MSE Virtual Seminar Series: Daniel Esposito, Columbia
Electrocatalysis through Glass
Daniel V. Esposito
Associate Professor, Department of Chemical Engineering, Columbia University
Electrocatalysis underlies many emerging clean energy technologies, such as fuel cells, electrolyzers, and photoelectrochemical cells. However, continued improvements in electrocatalyst activity, durability, and selectivity must be achieved in order for these technologies to make meaningful contributions to a sustainable energy future. In this presentation, I will describe unconventional electrocatalyst architectures for which the active electrocatalyst material is encapsulated by ultra-thin overlayers made of permeable silicon oxides (i.e. glass). These oxide layers are synthesized using a room temperature wet chemical process that deposits uniform oxide overlayers onto thin films of platinum.
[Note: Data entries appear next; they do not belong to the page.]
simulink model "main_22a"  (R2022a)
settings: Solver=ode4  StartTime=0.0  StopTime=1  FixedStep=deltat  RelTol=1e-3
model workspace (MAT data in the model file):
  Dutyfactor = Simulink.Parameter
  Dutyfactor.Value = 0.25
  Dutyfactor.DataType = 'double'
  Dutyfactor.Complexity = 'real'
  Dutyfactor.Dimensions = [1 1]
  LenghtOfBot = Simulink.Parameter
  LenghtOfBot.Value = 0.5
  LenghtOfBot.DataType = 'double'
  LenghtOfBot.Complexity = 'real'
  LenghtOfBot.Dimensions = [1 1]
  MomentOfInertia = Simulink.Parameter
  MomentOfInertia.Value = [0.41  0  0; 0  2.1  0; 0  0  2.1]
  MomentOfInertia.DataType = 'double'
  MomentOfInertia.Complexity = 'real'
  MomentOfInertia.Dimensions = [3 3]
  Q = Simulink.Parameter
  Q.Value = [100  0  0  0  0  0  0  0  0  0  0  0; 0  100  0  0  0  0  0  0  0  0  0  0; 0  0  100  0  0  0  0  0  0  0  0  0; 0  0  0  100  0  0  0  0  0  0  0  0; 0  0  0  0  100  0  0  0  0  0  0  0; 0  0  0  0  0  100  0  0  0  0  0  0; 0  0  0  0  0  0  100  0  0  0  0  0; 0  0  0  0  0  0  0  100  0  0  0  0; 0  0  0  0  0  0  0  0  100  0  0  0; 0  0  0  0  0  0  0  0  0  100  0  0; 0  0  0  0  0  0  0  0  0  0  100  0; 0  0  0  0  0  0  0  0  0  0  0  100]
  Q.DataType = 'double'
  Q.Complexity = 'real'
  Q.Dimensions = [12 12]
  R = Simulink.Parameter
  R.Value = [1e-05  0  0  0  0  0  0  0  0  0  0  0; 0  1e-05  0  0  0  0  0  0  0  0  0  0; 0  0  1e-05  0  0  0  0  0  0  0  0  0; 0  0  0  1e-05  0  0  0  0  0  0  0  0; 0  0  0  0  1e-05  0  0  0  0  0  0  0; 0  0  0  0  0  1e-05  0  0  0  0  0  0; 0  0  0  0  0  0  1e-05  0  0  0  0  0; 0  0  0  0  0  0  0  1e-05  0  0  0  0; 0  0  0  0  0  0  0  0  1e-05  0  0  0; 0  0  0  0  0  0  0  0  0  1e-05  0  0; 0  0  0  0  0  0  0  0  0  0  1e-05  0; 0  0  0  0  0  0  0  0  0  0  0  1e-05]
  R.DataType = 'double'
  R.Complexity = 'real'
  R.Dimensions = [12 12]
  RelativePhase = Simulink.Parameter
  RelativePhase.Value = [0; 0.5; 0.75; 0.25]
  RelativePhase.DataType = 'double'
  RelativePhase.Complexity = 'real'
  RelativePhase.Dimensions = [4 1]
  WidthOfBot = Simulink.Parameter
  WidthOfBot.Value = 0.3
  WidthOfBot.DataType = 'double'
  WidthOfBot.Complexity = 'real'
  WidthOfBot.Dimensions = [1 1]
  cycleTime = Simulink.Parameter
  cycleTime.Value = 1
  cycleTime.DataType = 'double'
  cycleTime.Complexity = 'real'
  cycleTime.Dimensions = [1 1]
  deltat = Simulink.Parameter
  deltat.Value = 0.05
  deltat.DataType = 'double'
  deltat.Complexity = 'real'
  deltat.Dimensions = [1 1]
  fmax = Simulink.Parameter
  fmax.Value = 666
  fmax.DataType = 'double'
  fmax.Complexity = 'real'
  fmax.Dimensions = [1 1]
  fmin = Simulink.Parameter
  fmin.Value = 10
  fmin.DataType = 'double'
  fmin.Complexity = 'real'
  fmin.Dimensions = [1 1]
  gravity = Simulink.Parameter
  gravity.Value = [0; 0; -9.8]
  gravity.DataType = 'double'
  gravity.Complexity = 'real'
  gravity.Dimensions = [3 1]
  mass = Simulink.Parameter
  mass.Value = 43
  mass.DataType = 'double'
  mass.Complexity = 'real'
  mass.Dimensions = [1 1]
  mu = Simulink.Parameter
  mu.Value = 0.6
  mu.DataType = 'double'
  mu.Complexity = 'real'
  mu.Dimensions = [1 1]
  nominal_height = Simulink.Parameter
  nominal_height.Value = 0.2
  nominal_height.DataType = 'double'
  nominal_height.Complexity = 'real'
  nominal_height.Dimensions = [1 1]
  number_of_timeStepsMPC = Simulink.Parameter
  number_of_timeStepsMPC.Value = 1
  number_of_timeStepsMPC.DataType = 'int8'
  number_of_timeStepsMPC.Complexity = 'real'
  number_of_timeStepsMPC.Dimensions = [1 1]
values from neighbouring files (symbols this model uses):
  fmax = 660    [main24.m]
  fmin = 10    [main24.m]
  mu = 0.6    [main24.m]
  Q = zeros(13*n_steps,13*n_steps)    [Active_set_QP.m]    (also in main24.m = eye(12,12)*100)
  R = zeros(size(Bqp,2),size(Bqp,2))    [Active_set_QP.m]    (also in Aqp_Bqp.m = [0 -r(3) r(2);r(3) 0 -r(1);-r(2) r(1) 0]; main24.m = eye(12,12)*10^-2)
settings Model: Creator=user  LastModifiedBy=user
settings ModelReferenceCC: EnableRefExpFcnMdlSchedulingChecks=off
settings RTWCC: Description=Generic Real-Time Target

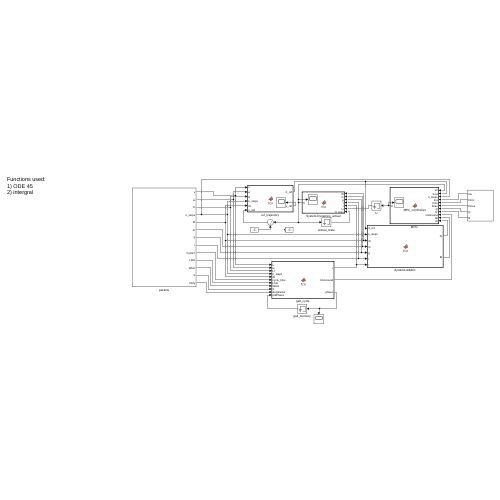
[thumbnail: Simulink's stored preview of the top-level diagram]
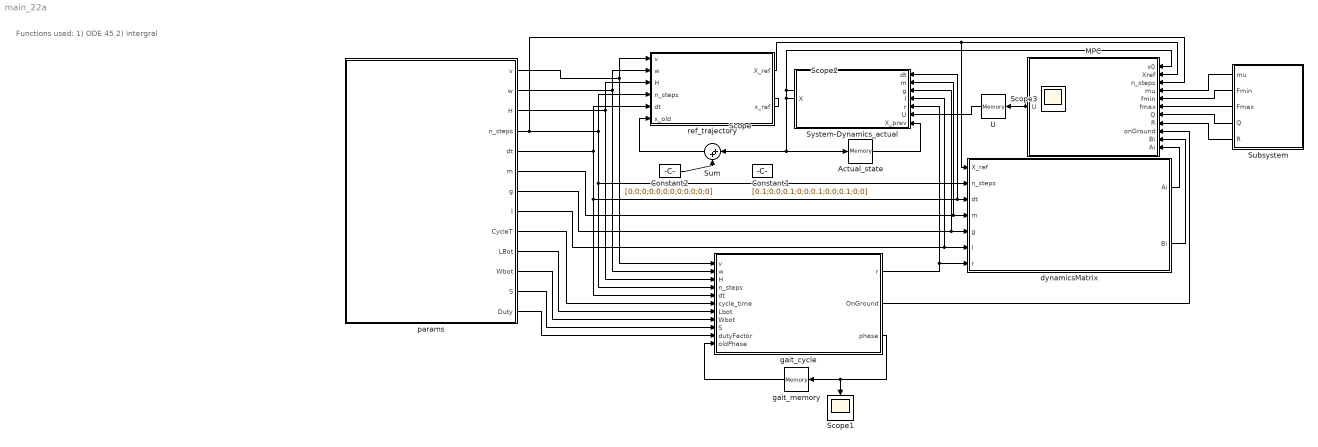
== system main_22a ==
  note: Functions used:
      | 1) ODE 45
      | 2) intergral
  Actual_state : Memory
  Constant1 : Constant  Value=[0.1;0;0;0.1;0;0;0.1;0;0;0.1;0;0]  VectorParams1D=off
  Constant2 : Constant  Value=[0;0;0;0;0;0;0;0;0;0;0;0]  VectorParams1D=off
  MPC : MATLAB Function  TreatAsAtomicUnit=on
  Scope{,1..3} (4 alike) : Scope
  Subsystem : Subsystem
  Sum : Sum  Inputs=|++
  System-Dynamics_actual : MATLAB Function  TreatAsAtomicUnit=on
  U : Memory
  dynamicsMatrix : MATLAB Function  TreatAsAtomicUnit=on
  gait_cycle : MATLAB Function  TreatAsAtomicUnit=on
  gait_memory : Memory
  params : Subsystem
  ref_trajectory : MATLAB Function  TreatAsAtomicUnit=on
  wires:
  params/1(v) -> ref_trajectory/1(v), gait_cycle/1(v)
  params/2(w) -> gait_cycle/2(w), ref_trajectory/2(w)
  params/3(H) -> gait_cycle/3(H), ref_trajectory/3(H)
  params/4(n_steps) -> MPC/3(n_steps), gait_cycle/4(n_steps), dynamicsMatrix/2(n_steps), ref_trajectory/4(n_steps)
  ref_trajectory/2(x_ref) -> Scope/1
  params/5(dt) -> gait_cycle/5(dt), dynamicsMatrix/3(dt), System-Dynamics_actual/1(dt), ref_trajectory/5(dt)
  params/9(CycleT) -> gait_cycle/6(cycle_time)
  params/10(LBot) -> gait_cycle/7(Lbot)
  params/11(Wbot) -> gait_cycle/8(Wbot)
  gait_memory/1 -> gait_cycle/11(oldPhase)
  ref_trajectory/1(X_ref) -> dynamicsMatrix/1(X_ref), MPC/2(Xref)
  params/6(m) -> dynamicsMatrix/4(m), System-Dynamics_actual/2(m)
  params/7(g) -> dynamicsMatrix/5(g), System-Dynamics_actual/3(g)
  gait_cycle/1(r) -> dynamicsMatrix/7(r), System-Dynamics_actual/5(r)
  params/12(S) -> gait_cycle/9(S)
  params/13(Duty) -> gait_cycle/10(dutyFactor)
  params/8(I) -> dynamicsMatrix/6(I), System-Dynamics_actual/4(I)
  System-Dynamics_actual/1(X) -> Actual_state/1, Sum/1, Scope2/1, MPC/1(x0)
  Actual_state/1 -> System-Dynamics_actual/7(X_prev)
  gait_cycle/3(phase) -> gait_memory/1, Scope1/1
  Sum/1 -> ref_trajectory/6(x_old)
  Constant2/1 -> Sum/2
  gait_cycle/2(OnGround) -> MPC/9(onGround)
  Subsystem/1(mu) -> MPC/4(mu)
  Subsystem/2(Fmin) -> MPC/5(fmin)
  Subsystem/3(Fmax) -> MPC/6(fmax)
  Subsystem/4(Q) -> MPC/7(Q)
  Subsystem/5(R) -> MPC/8(R)
  dynamicsMatrix/1(Ai) -> MPC/11(Ai)
  dynamicsMatrix/2(Bi) -> MPC/10(Bi)
  MPC/1(U) -> U/1, Scope3/1
  U/1 -> System-Dynamics_actual/6(U)

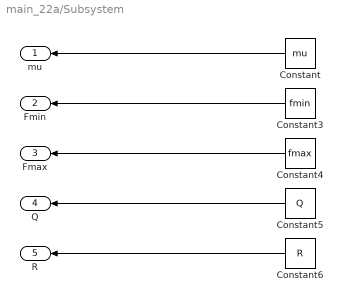
== system main_22a/Subsystem ==
  Constant : Constant  Value=mu
  Constant3 : Constant  Value=fmin
  Constant4 : Constant  Value=fmax
  Constant5 : Constant  Value=Q
  Constant6 : Constant  Value=R
  mu : Outport
  Fmin : Outport  Port=2
  Fmax : Outport  Port=3
  Q : Outport  Port=4
  R : Outport  Port=5
  wires:
  Constant3/1 -> Fmin/1
  Constant4/1 -> Fmax/1
  Constant6/1 -> R/1
  Constant5/1 -> Q/1
  Constant/1 -> mu/1

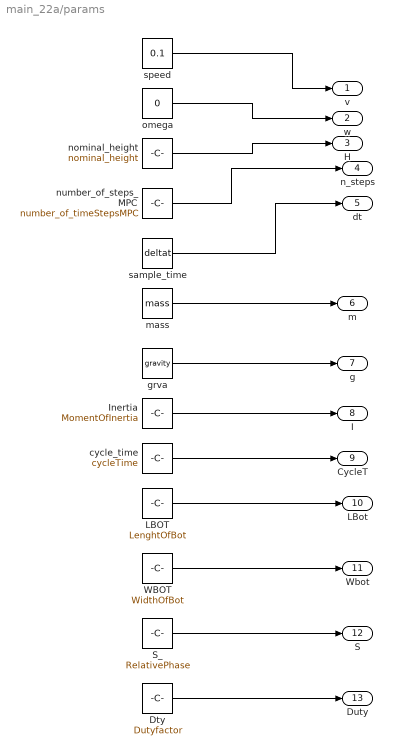
== system main_22a/params ==
  Dty : Constant  Value=Dutyfactor
  Inertia : Constant  Value=MomentOfInertia
  LBOT : Constant  Value=LenghtOfBot
  S_ : Constant  Value=RelativePhase
  WBOT : Constant  Value=WidthOfBot
  cycle_time : Constant  Value=cycleTime
  grva : Constant  Value=gravity
  mass : Constant  Value=mass
  nominal_height : Constant  Value=nominal_height
  number_of_steps_MPC : Constant  Value=number_of_timeStepsMPC
  omega : Constant  Value=0
  sample_time : Constant  Value=deltat
  speed : Constant  Value=0.1
  v : Outport
  w : Outport  Port=2
  H : Outport  Port=3
  n_steps : Outport  Port=4
  dt : Outport  Port=5
  m : Outport  Port=6
  g : Outport  Port=7
  I : Outport  Port=8
  CycleT : Outport  Port=9
  LBot : Outport  Port=10
  Wbot : Outport  Port=11
  S : Outport  Port=12
  Duty : Outport  Port=13
  wires:
  number_of_steps_MPC/1 -> n_steps/1
  omega/1 -> w/1
  nominal_height/1 -> H/1
  speed/1 -> v/1
  sample_time/1 -> dt/1
  cycle_time/1 -> CycleT/1
  LBOT/1 -> LBot/1
  WBOT/1 -> Wbot/1
  mass/1 -> m/1
  grva/1 -> g/1
  Dty/1 -> Duty/1
  S_/1 -> S/1
  Inertia/1 -> I/1

== matlab function main_22a/gait_cycle ==
  data: v input; w input; H input; n_steps input; r output size=[3,4,500]; OnGround output size=[4,500]; dt input; cycle_time input; Lbot input; Wbot input; S input; dutyFactor input; oldPhase input; phase output double size=1
function [r,OnGround,phase] = fcn(v,w,H,n_steps,dt,cycle_time,Lbot,Wbot,S,dutyFactor,oldPhase)
    vr=(2*v+w*Wbot)/2;
    vl=(2*v-w*Wbot)/2;
    LstanceR=cycle_time*(1-dutyFactor)*vl;
    LstanceL=cycle_time*(1-dutyFactor)*vr;
    OnGround=zeros(4,n_steps);
    r=zeros(3,4,n_steps);
    phase=oldPhase;
    for k=1:n_steps
        phase=mod(phase+dt/cycle_time,1);
        for i=1:4           
            phase_leg=mod(phase+S(i),1);
            if(phase_leg>dutyFactor)
                OnGround(i,k)=1;
                if(i==1 || i==3)                 
                    r(:,i,k)=[LstanceL*(phase_leg/dutyFactor -0.5);0;0];             
                else
                    r(:,i,k)=[LstanceR*(phase_leg/dutyFactor -0.5);0;0];
                end                
            else
                r(:,i,k)=[0;0;H*0.25];
            end
        end
        r(:,:,k)=r(:,:,k)+[[Lbot/2;Wbot/2;-H],[Lbot/2;-Wbot/2;-H],[-Lbot/2;Wbot/2;-H],[-Lbot/2;-Wbot/2;-H]];
    end
    phase=mod(oldPhase+dt/cycle_time,1);
end

== matlab function main_22a/ref_trajectory ==
  settings: updateMethod=DISCRETE  sampleTime=deltat
  data: v input; X_ref output double size=[12,500]; w input; H input; n_steps input; dt input; x_old input; x_ref output double size=[12 1]
function [X_ref,x_ref] = fcn(v,w,H,n_steps, dt,x_old)
    X_ref=zeros(12,n_steps);
    X_ref(4,1)=x_old(4,1);
    X_ref(5,1)=x_old(5,1);
    X_ref(3,1)=x_old(3,1);
    for i=0:(n_steps-1)
        X_ref(4,i+1)=X_ref(4,i+1)+v*dt*cos(X_ref(3,i+1));
        X_ref(5,i+1)=X_ref(5,i+1)+v*dt*sin(X_ref(3,i+1));
        X_ref(6,i+1)=0;        
        X_ref(10,i+1)=v*cos(X_ref(3,i+1));
        X_ref(11,i+1)=v*sin(X_ref(3,i+1));
        X_ref(3,i+1)=X_ref(3,i+1)+w*dt;
        X_ref(9,i+1)=w;
        if(i<(n_steps-1))
            X_ref(:,i+2)=X_ref(:,i+1);
        end
    end
    x_ref=X_ref(:,1);
    % ground Air
    %Ri
end

== matlab function main_22a/dynamicsMatrix ==
  data: X_ref input; n_steps input; dt input; Ai output double size=[12,12,500]; m input; g input; I input; r input; Bi output double size=[12,13,500]
function [Ai,Bi] = fcn(X_ref,n_steps,dt,m,g,I,r)
    Ai=zeros(12,12,n_steps);
    Bi=zeros(12,13,n_steps);
    for k=1:n_steps
        R=[cos(X_ref(3,k)), sin(X_ref(3,k)), 0;
          -sin(X_ref(3,k)), cos(X_ref(3,k)), 0;
                         0,               0, 1];
       I_=(R*I*R')^-1;
                
        A=[zeros(3), zeros(3),        R, zeros(3);
           zeros(3), zeros(3), zeros(3),   eye(3);
           zeros(3), zeros(3), zeros(3), zeros(3);
           zeros(3), zeros(3), zeros(3), zeros(3);];
        
        B=[      zeros(3),        zeros(3),        zeros(3),        zeros(3), zeros(3,1);
                 zeros(3),        zeros(3),        zeros(3),        zeros(3), zeros(3,1);
          I_*CP(r(:,1,1)), I_*CP(r(:,2,1)), I_*CP(r(:,3,1)), I_*CP(r(:,4,1)), zeros(3,1);
                eye(3)./m,       eye(3)./m,       eye(3)./m,       eye(3)./m,         g];
       
       Ai(:,:,k)=exp(A.*dt);
       Bi(:,:,k)=integral(@(t) exp(A.*t)*B,0,dt,"ArrayValued",true);

    end

    function R = CP(r)
        R=[0 -r(3) r(2);r(3) 0 -r(1);-r(2) r(1) 0];
    end
end

== matlab function main_22a/System-Dynamics_actual ==
  data: dt input; X output size=[12 1]; m input; g input; I input; r input; U input; X_prev input
function X  = fcn(dt,m,g,I,r,U,X_prev)     
    [t,y] = ode45(@dynamics_eq ,[0 dt],X_prev);
    X=y(end,:)';
    function dxdt=dynamics_eq(t,y)
        R=[cos(y(3)), sin(y(3)), 0;
         - sin(y(3)), cos(y(3)), 0;
                   0,         0, 1];
        I_=(R*I*R')^-1;        
        A=[zeros(3), zeros(3),        R, zeros(3);
           zeros(3), zeros(3), zeros(3),  eye(3);
           zeros(3), zeros(3), zeros(3), zeros(3);
           zeros(3), zeros(3), zeros(3), zeros(3);];
        
        B=[      zeros(3),        zeros(3),        zeros(3),        zeros(3), zeros(3,1);
                 zeros(3),        zeros(3),        zeros(3),        zeros(3), zeros(3,1);
          I_*CP(r(:,1,1)), I_*CP(r(:,2,1)), I_*CP(r(:,3,1)), I_*CP(r(:,4,1)), zeros(3,1);
                eye(3)./m,       eye(3)./m,       eye(3)./m,       eye(3)./m,         g];
        dxdt=A*y+B*[U;1];
    end

    function R = CP(r)
        R=[0 -r(3) r(2);r(3) 0 -r(1);-r(2) r(1) 0];
    end
end

== matlab function main_22a/MPC ==
  data: x0 input; Xref input; n_steps input; mu input; fmin input; fmax input; Q input; R input; onGround input; Bi input; Ai input; U output size=[12 1]
function U  = MPC_controller(x0,Xref,n_steps,mu,fmin,fmax,Q,R,onGround,Bi,Ai)
    coder.extrinsic('Active_set');
    out=Active_set(x0,Xref,n_steps,mu,fmin,fmax,Q,R,onGround,Bi,Ai);
    U=zeros(12,1);
    U(:,1)=out;
end

Electroanalytical measurements show that these oxide overlayers can be selectively permeable to certain electroactive species and thereby enable efficient and selective electrocatalysis at the buried interface between the oxide overlayer and active catalyst. I will present several examples that show how the thickness and/or composition of silicon oxide overlayers can be used to analyze their transport properties and view the influence of mass transfer on the performance of thin film electrocatalysts. This talk will also describe characterization of the electroactive buried interface and discuss challenges and opportunities for controlling reaction pathways through modification of the physical, chemical, and/or structural properties at the interface. Importantly, this work highlights the potential of oxide-encapsulated electrocatalysts to serve as a tunable platform for efficient and stable electrocatalysis and/or photoelectrocatalysis of a variety of electrochemical reactions.
 D.V. Esposito, ACS Catalysis, vol. 8, pp 457–465, 2018.
 N. Y. Labrador, et al.,ACS Catalysis, vol. 8, 1767–1778, 2018.
 M.E. Beatty, et al.,ACS Applied Energy Materials, vol. 3, 12, 12338-12350, 2020.